Records drawn from a dataset:

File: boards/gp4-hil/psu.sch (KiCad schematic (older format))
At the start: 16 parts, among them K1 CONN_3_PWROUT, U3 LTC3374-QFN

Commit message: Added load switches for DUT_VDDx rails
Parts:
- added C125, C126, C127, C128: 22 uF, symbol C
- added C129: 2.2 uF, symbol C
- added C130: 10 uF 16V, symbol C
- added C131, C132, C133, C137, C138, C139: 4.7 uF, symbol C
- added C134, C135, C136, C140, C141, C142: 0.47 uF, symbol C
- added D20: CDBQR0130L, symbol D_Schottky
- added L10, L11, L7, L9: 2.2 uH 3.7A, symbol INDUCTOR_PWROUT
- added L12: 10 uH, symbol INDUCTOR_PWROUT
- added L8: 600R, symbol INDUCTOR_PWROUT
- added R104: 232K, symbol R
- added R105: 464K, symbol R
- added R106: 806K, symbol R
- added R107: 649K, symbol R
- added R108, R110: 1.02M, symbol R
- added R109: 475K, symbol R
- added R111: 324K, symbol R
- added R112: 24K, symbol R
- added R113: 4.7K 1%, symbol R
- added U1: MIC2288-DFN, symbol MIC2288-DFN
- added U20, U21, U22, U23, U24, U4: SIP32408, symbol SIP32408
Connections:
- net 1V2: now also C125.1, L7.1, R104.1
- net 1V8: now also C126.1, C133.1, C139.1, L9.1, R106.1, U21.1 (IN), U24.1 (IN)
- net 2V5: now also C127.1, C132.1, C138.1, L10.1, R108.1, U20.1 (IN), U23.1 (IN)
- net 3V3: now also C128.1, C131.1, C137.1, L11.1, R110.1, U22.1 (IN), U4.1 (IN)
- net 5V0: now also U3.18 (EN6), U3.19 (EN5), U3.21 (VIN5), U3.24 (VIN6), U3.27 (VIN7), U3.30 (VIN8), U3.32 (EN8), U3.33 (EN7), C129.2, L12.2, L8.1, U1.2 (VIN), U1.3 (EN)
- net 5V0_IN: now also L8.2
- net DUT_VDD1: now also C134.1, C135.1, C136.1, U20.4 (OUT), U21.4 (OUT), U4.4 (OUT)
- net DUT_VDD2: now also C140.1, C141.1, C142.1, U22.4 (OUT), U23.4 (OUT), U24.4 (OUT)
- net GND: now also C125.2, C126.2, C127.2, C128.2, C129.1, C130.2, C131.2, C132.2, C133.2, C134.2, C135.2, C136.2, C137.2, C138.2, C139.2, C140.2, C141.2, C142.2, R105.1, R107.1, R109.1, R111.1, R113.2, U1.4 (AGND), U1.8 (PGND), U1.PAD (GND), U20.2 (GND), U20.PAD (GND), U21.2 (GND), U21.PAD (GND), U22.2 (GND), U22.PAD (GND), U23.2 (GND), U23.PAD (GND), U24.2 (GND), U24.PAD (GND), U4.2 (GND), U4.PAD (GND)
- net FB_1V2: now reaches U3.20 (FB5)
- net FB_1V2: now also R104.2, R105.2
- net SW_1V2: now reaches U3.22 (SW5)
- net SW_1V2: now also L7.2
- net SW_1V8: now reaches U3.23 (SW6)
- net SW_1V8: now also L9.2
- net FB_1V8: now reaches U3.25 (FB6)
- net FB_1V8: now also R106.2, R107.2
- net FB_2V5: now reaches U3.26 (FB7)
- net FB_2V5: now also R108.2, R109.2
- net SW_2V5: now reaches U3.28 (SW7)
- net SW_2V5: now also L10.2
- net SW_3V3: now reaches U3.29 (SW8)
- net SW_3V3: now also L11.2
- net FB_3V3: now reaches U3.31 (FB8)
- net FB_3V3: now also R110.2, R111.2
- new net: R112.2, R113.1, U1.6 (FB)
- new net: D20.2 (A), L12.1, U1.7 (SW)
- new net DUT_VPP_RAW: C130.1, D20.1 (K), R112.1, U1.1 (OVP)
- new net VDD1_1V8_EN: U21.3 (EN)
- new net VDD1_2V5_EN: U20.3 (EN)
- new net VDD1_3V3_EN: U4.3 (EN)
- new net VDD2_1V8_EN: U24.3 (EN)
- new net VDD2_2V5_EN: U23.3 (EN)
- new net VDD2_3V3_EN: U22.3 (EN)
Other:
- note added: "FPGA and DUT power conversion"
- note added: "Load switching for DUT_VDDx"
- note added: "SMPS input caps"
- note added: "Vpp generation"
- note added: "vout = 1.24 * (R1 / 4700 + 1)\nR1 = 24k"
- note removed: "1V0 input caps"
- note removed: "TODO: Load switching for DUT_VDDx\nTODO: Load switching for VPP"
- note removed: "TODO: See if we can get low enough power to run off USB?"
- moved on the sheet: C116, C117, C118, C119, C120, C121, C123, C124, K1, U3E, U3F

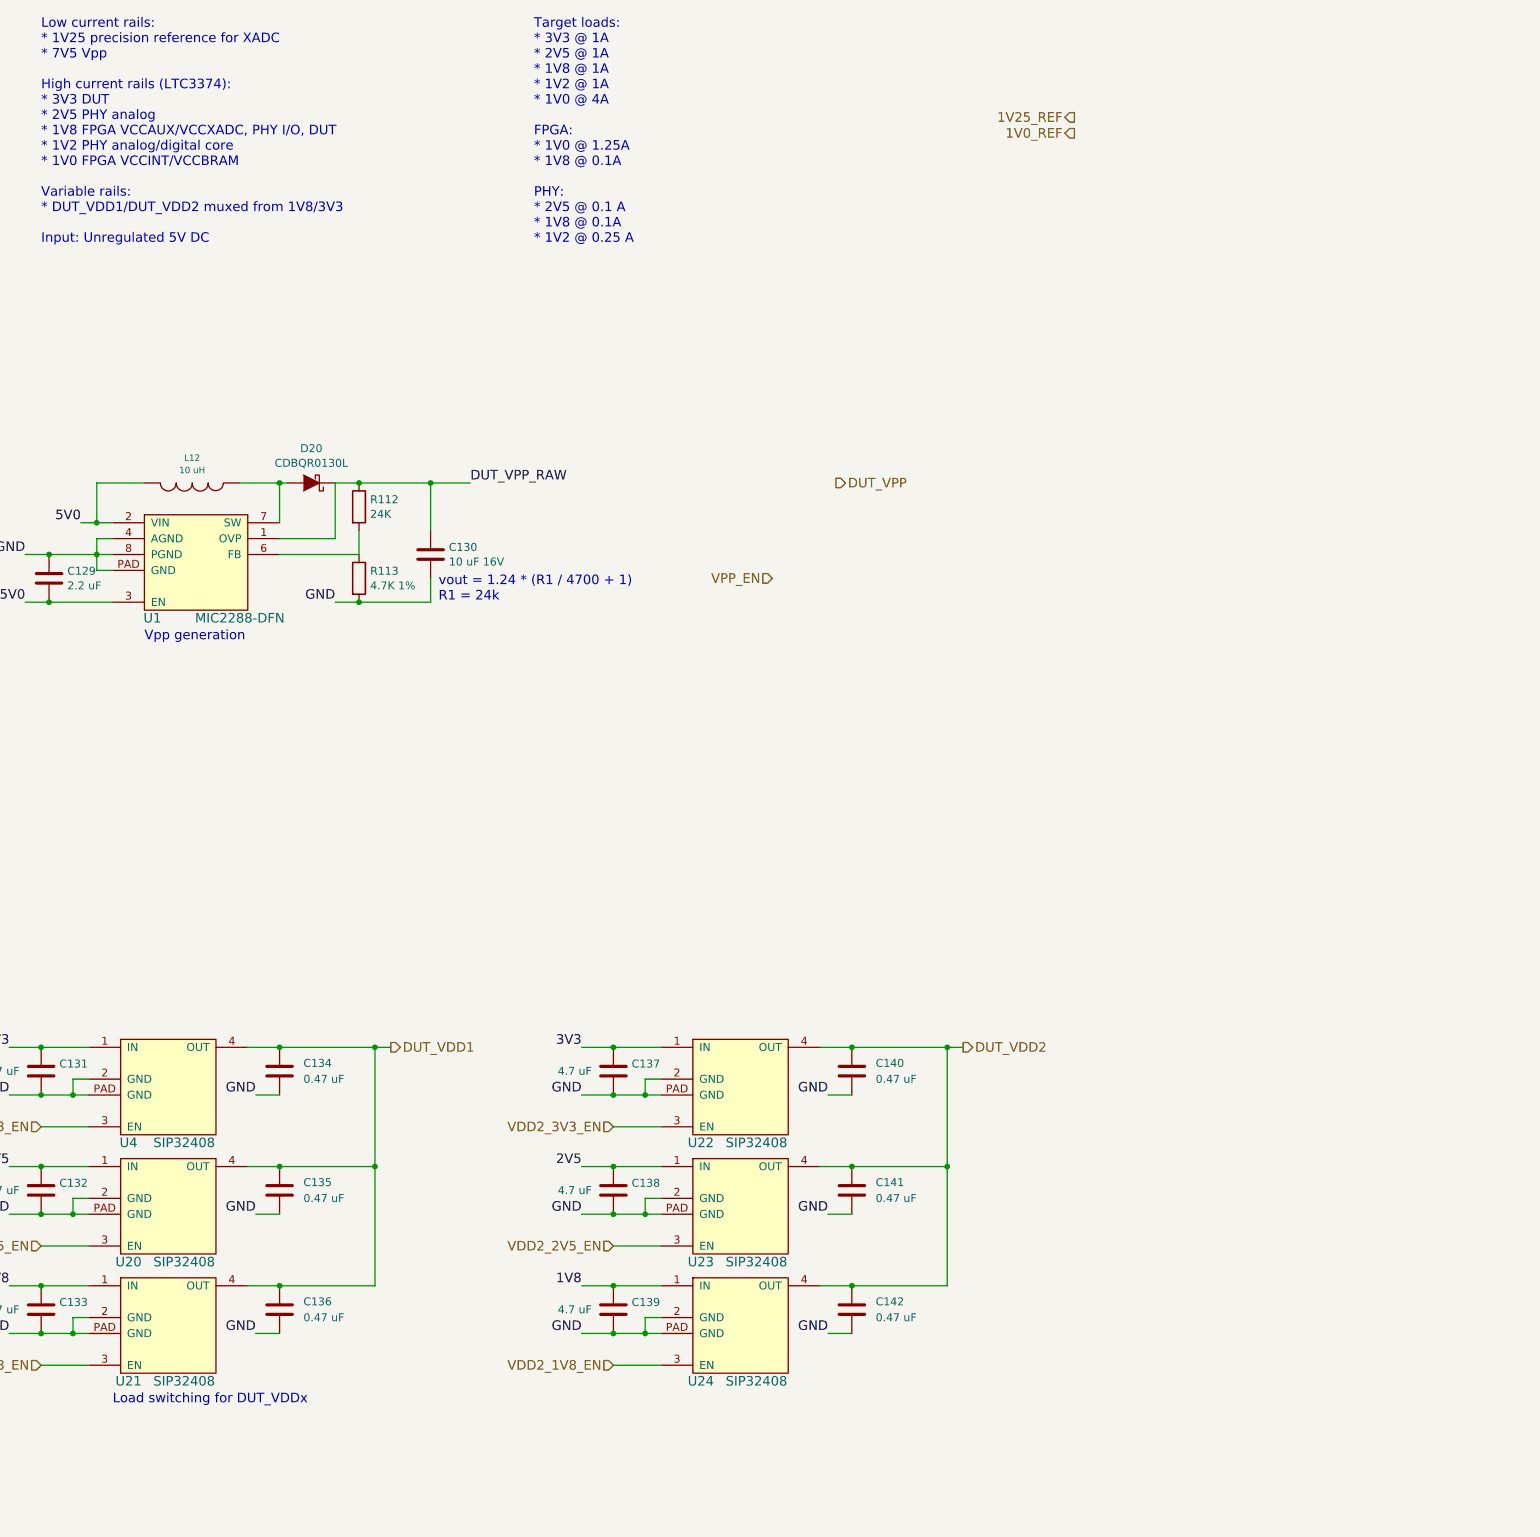
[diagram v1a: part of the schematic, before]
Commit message: Merged JTAG master stuff with Ethernet schematic page
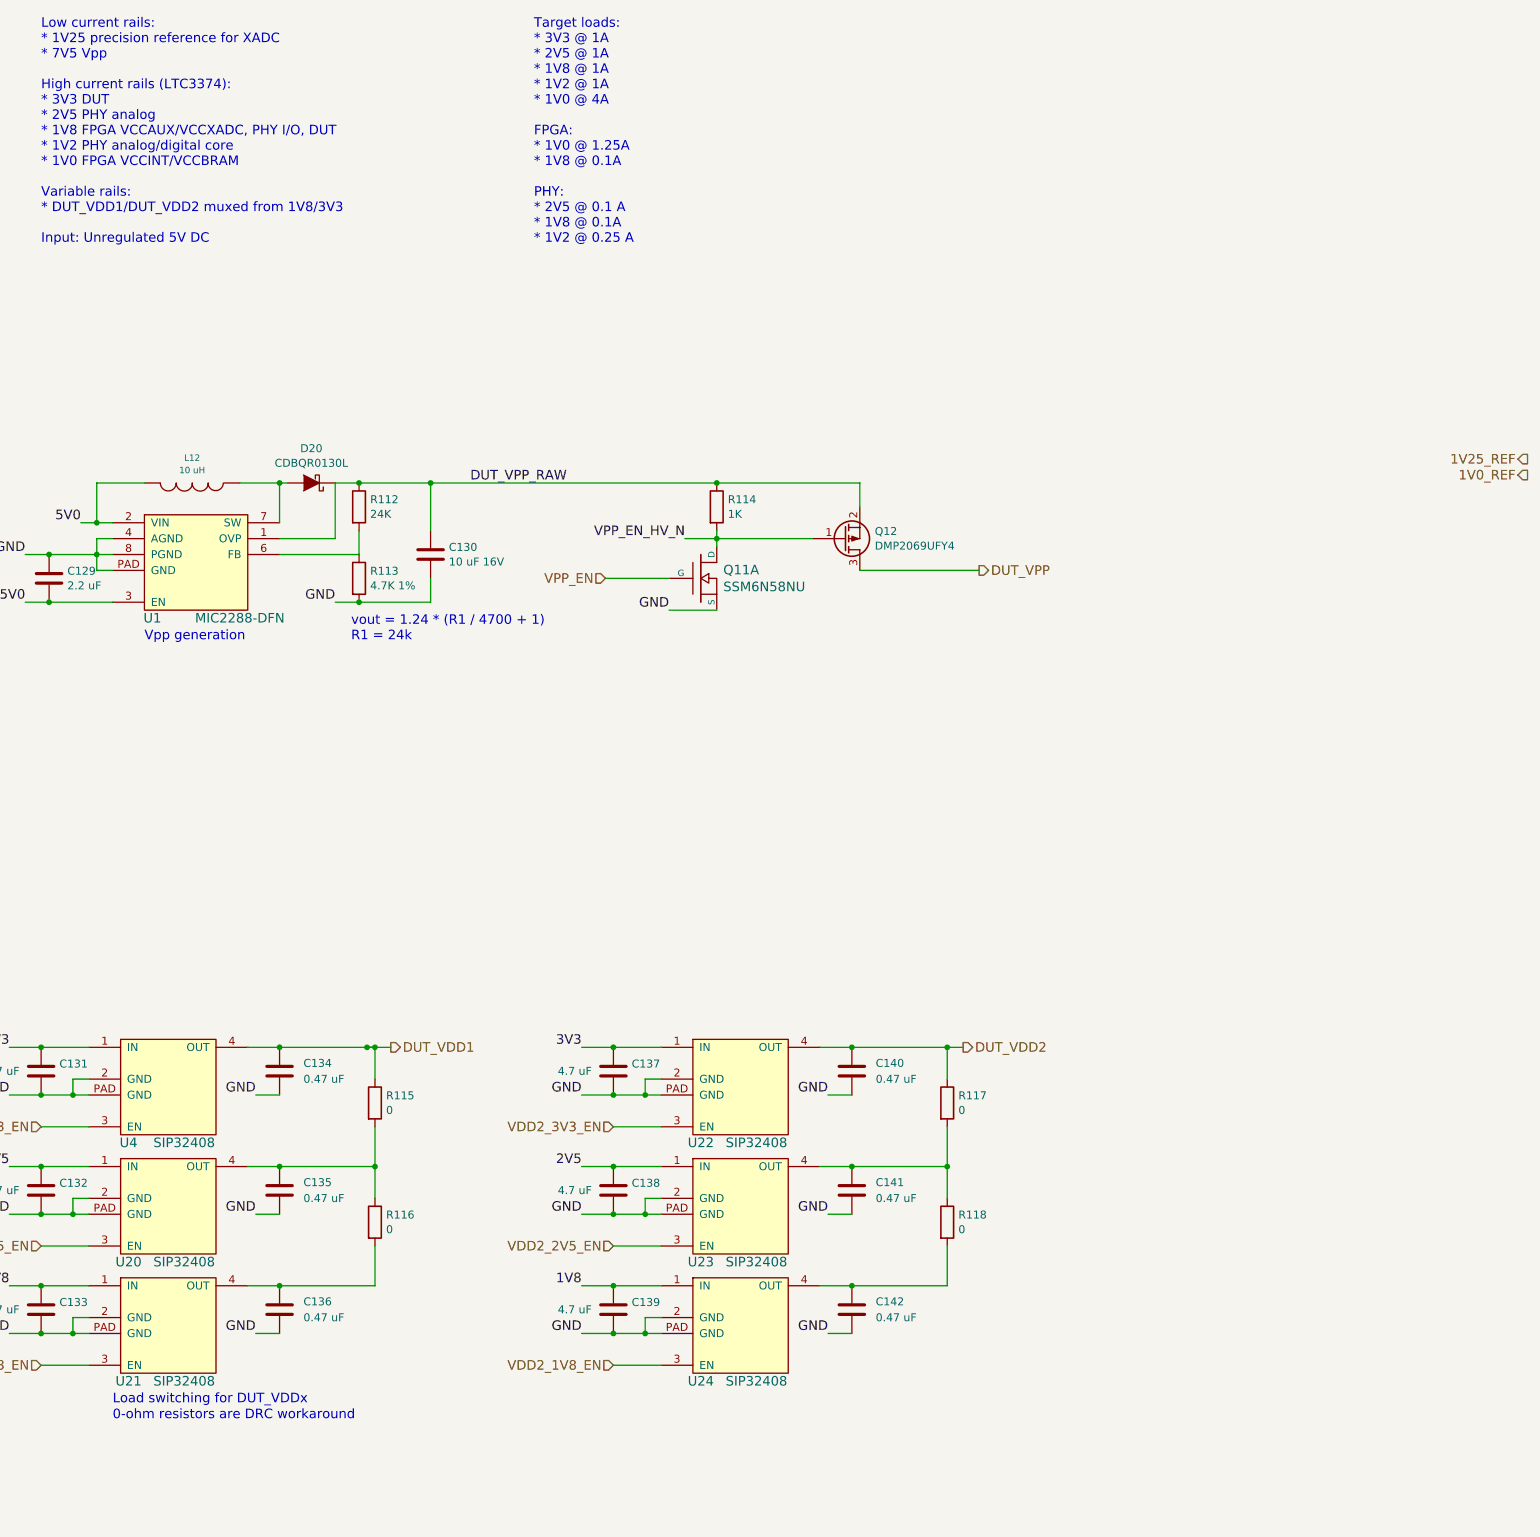
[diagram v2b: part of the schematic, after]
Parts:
- added Q11: SSM6N58NU, symbol SSM6N58NU_DUAL_NMOS
- added Q12: DMP2069UFY4, symbol Q_PMOS_GSD
- added R114: 1K, symbol R
- added R115, R116, R117, R118: 0, symbol R
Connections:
- net DUT_VDD1: now also R115.1; no longer C135.1, C136.1, U20.4 (OUT), U21.4 (OUT)
- net DUT_VDD2: now also R117.1; no longer C141.1, C142.1, U23.4 (OUT), U24.4 (OUT)
- net DUT_VPP: now also Q12.3 (D)
- net DUT_VPP_RAW: now also Q12.2 (S), R114.1
- net GND: now also Q11.S1 (S)
- net VPP_EN: now also Q11.G1 (G)
- new net: C136.1, R116.2, U21.4 (OUT)
- new net: C135.1, R115.2, R116.1, U20.4 (OUT)
- new net: C142.1, R118.2, U24.4 (OUT)
- new net: C141.1, R117.2, R118.1, U23.4 (OUT)
- new net VPP_EN_HV_N: Q11.D1 (D), Q12.1 (G), R114.2
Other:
- note added: "0-ohm resistors are DRC workaround"

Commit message: Wired up FPGA config pins, flash, etc
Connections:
- net 1V8: now also R100.2
- net 2V5: no longer R100.2
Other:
- note removed: "TODO: what rail to pull to?"
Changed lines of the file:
@@
 PSU_VTEMP
 Text Label 4050 1450 0    60   ~ 0
-2V5
-Text Notes 4050 1350 0    60   ~ 0
-TODO: what rail to pull to?
+1V8
 Text Notes 2100 2300 0    60   ~ 0
 TODO: VCC cap

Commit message: Added lots of analog I/O stuff
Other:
- note added: "Low current rails:\n* 7V5 Vpp\n\nHigh current rails (LTC3374):\n* 3V3 DUT\n* 2V5 PHY analog\n* 1V8 FPGA VCCAUX/VCCXADC, PHY I/O, DUT\n* 1V2 PHY analog/digital core\n* 1V0 FPGA VCCINT/VCCBRAM\n\nVariable rails:\n* DUT_VDD1/DUT_VDD2 muxed from 1V8/3V3\n\nInput: Unregulated 5V DC"
- note removed: "Low current rails:\n* 1V25 precision reference for XADC\n* 7V5 Vpp\n\nHigh current rails (LTC3374):\n* 3V3 DUT\n* 2V5 PHY analog\n* 1V8 FPGA VCCAUX/VCCXADC, PHY I/O, DUT\n* 1V2 PHY analog/digital core\n* 1V0 FPGA VCCINT/VCCBRAM\n\nVariable rails:\n* DUT_VDD1/DUT_VDD2 muxed from 1V8/3V3\n\nInput: Unregulated 5V DC"
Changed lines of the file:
@@
 $EndDescr
 Text Notes 7200 2500 0    60   ~ 0
-Low current rails:\n* 1V25 precision reference for XADC\n* 7V5 Vpp\n\nHigh current rails (LTC3374):\n* 3V3 DUT\n* 2V5 PHY analog\n* 1V8 FPGA VCCAUX/VCCXADC, PHY I/O, DUT\n* 1V2 PHY analog/digital core\n* 1V0 FPGA VCCINT/VCCBRAM\n\nVariable rails:\n* DUT_VDD1/DUT_VDD2 muxed from 1V8/3V3\n\nInput: Unregulated 5V DC
+Low current rails:\n* 7V5 Vpp\n\nHigh current rails (LTC3374):\n* 3V3 DUT\n* 2V5 PHY analog\n* 1V8 FPGA VCCAUX/VCCXADC, PHY I/O, DUT\n* 1V2 PHY analog/digital core\n* 1V0 FPGA VCCINT/VCCBRAM\n\nVariable rails:\n* DUT_VDD1/DUT_VDD2 muxed from 1V8/3V3\n\nInput: Unregulated 5V DC
 $Comp
 L LTC3374-QFN U3
@@
 Text HLabel 4350 1750 2    60   Output ~ 0
 PSU_PGOOD
-Text HLabel 16550 3850 0    60   Output ~ 0
-1V25_REF
-Text HLabel 16550 3950 0    60   Output ~ 0
-1V0_REF
 Text Notes 7650 9800 0    60   ~ 0
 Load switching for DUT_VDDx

REQUIRED WORK → Pull every line with the string "reaches" from the data above.

RESULT OF THE EXERCISE →
- net FB_1V2: now reaches U3.20 (FB5)
- net SW_1V2: now reaches U3.22 (SW5)
- net SW_1V8: now reaches U3.23 (SW6)
- net FB_1V8: now reaches U3.25 (FB6)
- net FB_2V5: now reaches U3.26 (FB7)
- net SW_2V5: now reaches U3.28 (SW7)
- net SW_3V3: now reaches U3.29 (SW8)
- net FB_3V3: now reaches U3.31 (FB8)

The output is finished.